Dio su sagrado cuerpo y preciosa sangre debaxo de especies de pan y vino en el Sacramento, y es manjar espiritual con que se apacienta la alma. Y después de su Resurreción, para aprovar la verdad de su cuerpo resuscitado, comió, y no carne, sino de un pece y de un panal de miel. Es de S. Lucas, capítulo último.

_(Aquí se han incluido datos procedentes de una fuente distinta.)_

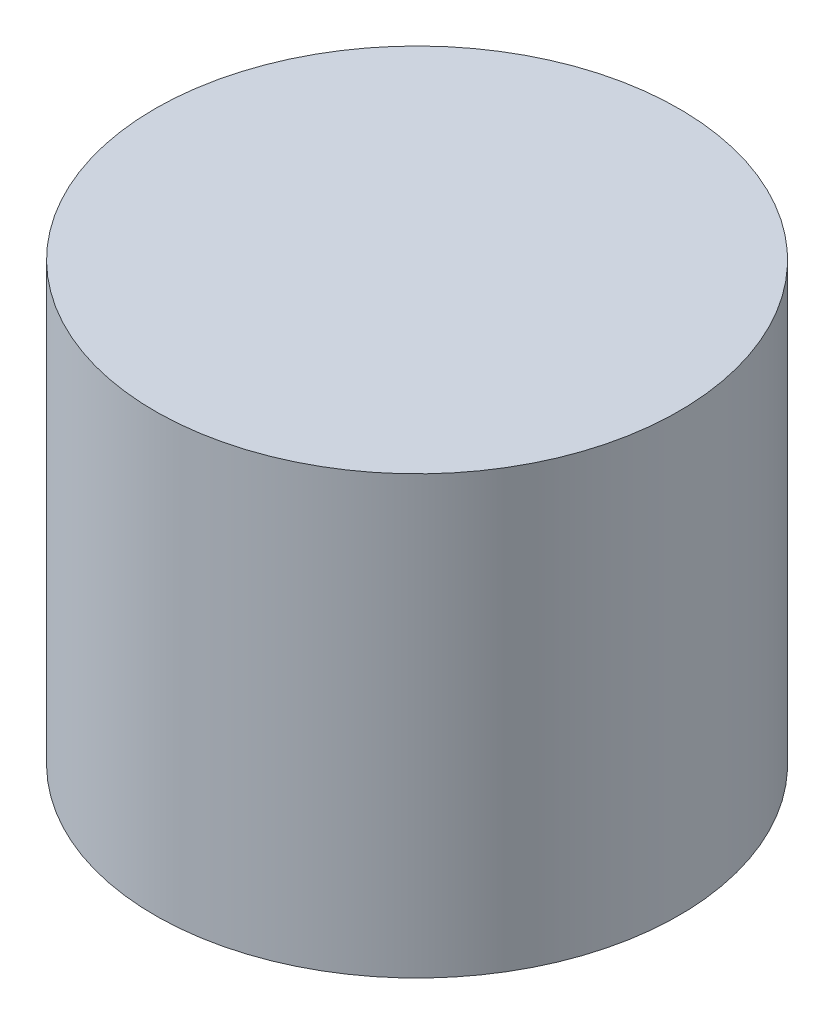
ISO-10303-21;
HEADER;
FILE_DESCRIPTION(('STEP AP214'),'2;1');
FILE_NAME('part.step','',(''),(''),'','','');
FILE_SCHEMA(('AUTOMOTIVE_DESIGN { 1 0 10303 214 1 1 1 1 }'));
ENDSEC;
DATA;
#1=APPLICATION_CONTEXT('core data for automotive mechanical design processes');
#2=APPLICATION_PROTOCOL_DEFINITION('international standard','automotive_design',2000,#1);
#3=PRODUCT_CONTEXT('',#1,'mechanical');
#4=PRODUCT('Part','Part','',(#3));
#5=PRODUCT_RELATED_PRODUCT_CATEGORY('part','',(#4));
#6=PRODUCT_DEFINITION_FORMATION('','',#4);
#7=PRODUCT_DEFINITION_CONTEXT('part definition',#1,'design');
#8=PRODUCT_DEFINITION('design','',#6,#7);
#9=PRODUCT_DEFINITION_SHAPE('','',#8);
#10=(LENGTH_UNIT() NAMED_UNIT(*) SI_UNIT(.MILLI.,.METRE.));
#11=(NAMED_UNIT(*) PLANE_ANGLE_UNIT() SI_UNIT($,.RADIAN.));
#12=(NAMED_UNIT(*) SI_UNIT($,.STERADIAN.) SOLID_ANGLE_UNIT());
#13=UNCERTAINTY_MEASURE_WITH_UNIT(LENGTH_MEASURE(1.E-05),#10,'distance_accuracy_value','');
#14=(GEOMETRIC_REPRESENTATION_CONTEXT(3) GLOBAL_UNCERTAINTY_ASSIGNED_CONTEXT((#13)) GLOBAL_UNIT_ASSIGNED_CONTEXT((#10,
#11,#12)) REPRESENTATION_CONTEXT('',''));
#15=CARTESIAN_POINT('',(0.,0.,0.));
#16=DIRECTION('',(0.,0.,1.));
#17=DIRECTION('',(1.,0.,0.));
#18=AXIS2_PLACEMENT_3D('',#15,#16,#17);
#19=CARTESIAN_POINT('',(-10.4929619961535,8.4168226065985,0.));
#20=DIRECTION('',(0.,1.,0.));
#21=DIRECTION('',(-1.,0.,0.));
#22=AXIS2_PLACEMENT_3D('',#19,#20,#21);
#23=PLANE('',#22);
#24=CARTESIAN_POINT('',(19.5070380038465,8.4168226065985,0.));
#25=DIRECTION('',(0.,1.,0.));
#26=DIRECTION('',(-1.,0.,0.));
#27=AXIS2_PLACEMENT_3D('',#24,#25,#26);
#28=CIRCLE('',#27,30.);
#29=CARTESIAN_POINT('',(-10.4929619961535,8.41682260659849,0.));
#30=VERTEX_POINT('',#29);
#31=EDGE_CURVE('E40',#30,#30,#28,.T.);
#32=ORIENTED_EDGE('',*,*,#31,.T.);
#33=EDGE_LOOP('',(#32));
#34=FACE_BOUND('',#33,.T.);
#35=ADVANCED_FACE('F34',(#34),#23,.T.);
#36=CARTESIAN_POINT('',(-10.4929619961535,-41.5831773934015,0.));
#37=DIRECTION('',(0.,-1.,0.));
#38=DIRECTION('',(1.,0.,0.));
#39=AXIS2_PLACEMENT_3D('',#36,#37,#38);
#40=PLANE('',#39);
#41=CARTESIAN_POINT('',(19.5070380038465,-41.5831773934015,0.));
#42=DIRECTION('',(0.,1.,0.));
#43=DIRECTION('',(-1.,0.,0.));
#44=AXIS2_PLACEMENT_3D('',#41,#42,#43);
#45=CIRCLE('',#44,30.);
#46=CARTESIAN_POINT('',(-10.4929619961535,-41.5831773934015,0.));
#47=VERTEX_POINT('',#46);
#48=EDGE_CURVE('E10',#47,#47,#45,.T.);
#49=ORIENTED_EDGE('',*,*,#48,.F.);
#50=EDGE_LOOP('',(#49));
#51=FACE_BOUND('',#50,.T.);
#52=ADVANCED_FACE('F49',(#51),#40,.T.);
#53=CARTESIAN_POINT('',(19.5070380038465,8.4168226065985,0.));
#54=DIRECTION('',(0.,1.,0.));
#55=DIRECTION('',(-1.,0.,0.));
#56=AXIS2_PLACEMENT_3D('',#53,#54,#55);
#57=CYLINDRICAL_SURFACE('',#56,30.);
#58=ORIENTED_EDGE('',*,*,#48,.T.);
#59=EDGE_LOOP('',(#58));
#60=FACE_BOUND('',#59,.T.);
#61=ORIENTED_EDGE('',*,*,#31,.F.);
#62=EDGE_LOOP('',(#61));
#63=FACE_BOUND('',#62,.T.);
#64=ADVANCED_FACE('F47',(#60,#63),#57,.T.);
#65=CLOSED_SHELL('',(#35,#52,#64));
#66=MANIFOLD_SOLID_BREP('B2',#65);
#67=ADVANCED_BREP_SHAPE_REPRESENTATION('',(#18,#66),#14);
#68=SHAPE_DEFINITION_REPRESENTATION(#9,#67);
ENDSEC;
END-ISO-10303-21;

[18] Los Apóstoles, día vino que para comer desmenuzavan espigas entre sus manos, y comían los granos. Y con ser doze en número, hallándose en un desierto solamente para su despensa con cinco panes de cebada y dos peces, de aquello les mandando Cristo que diessen limosna a cinco mil personas, obedeciendo ellos, quedaron hartos y contentos. Otra vez, teniendo siete panes y unos peces, también por mandarlo Jesucristo, dieron de comer con ellos a cuatro mil hombres. Y si andando en la escuela de Cristo eran tan abstinentes, aún más lo fueron apartándose de su presencia, y siéndoles quitado de sus ojos el Esposo, cuando ellos se dividieron por el mundo a predicar el Evangelio, que entravan por las ciudades pobres, mal vestidos, flacos y para morir de hambre. Padecían todo esto contentíssimos, por hallarse en los deleites y mesa franca del Cielo. Refiérelo Marulo, libro cuarto.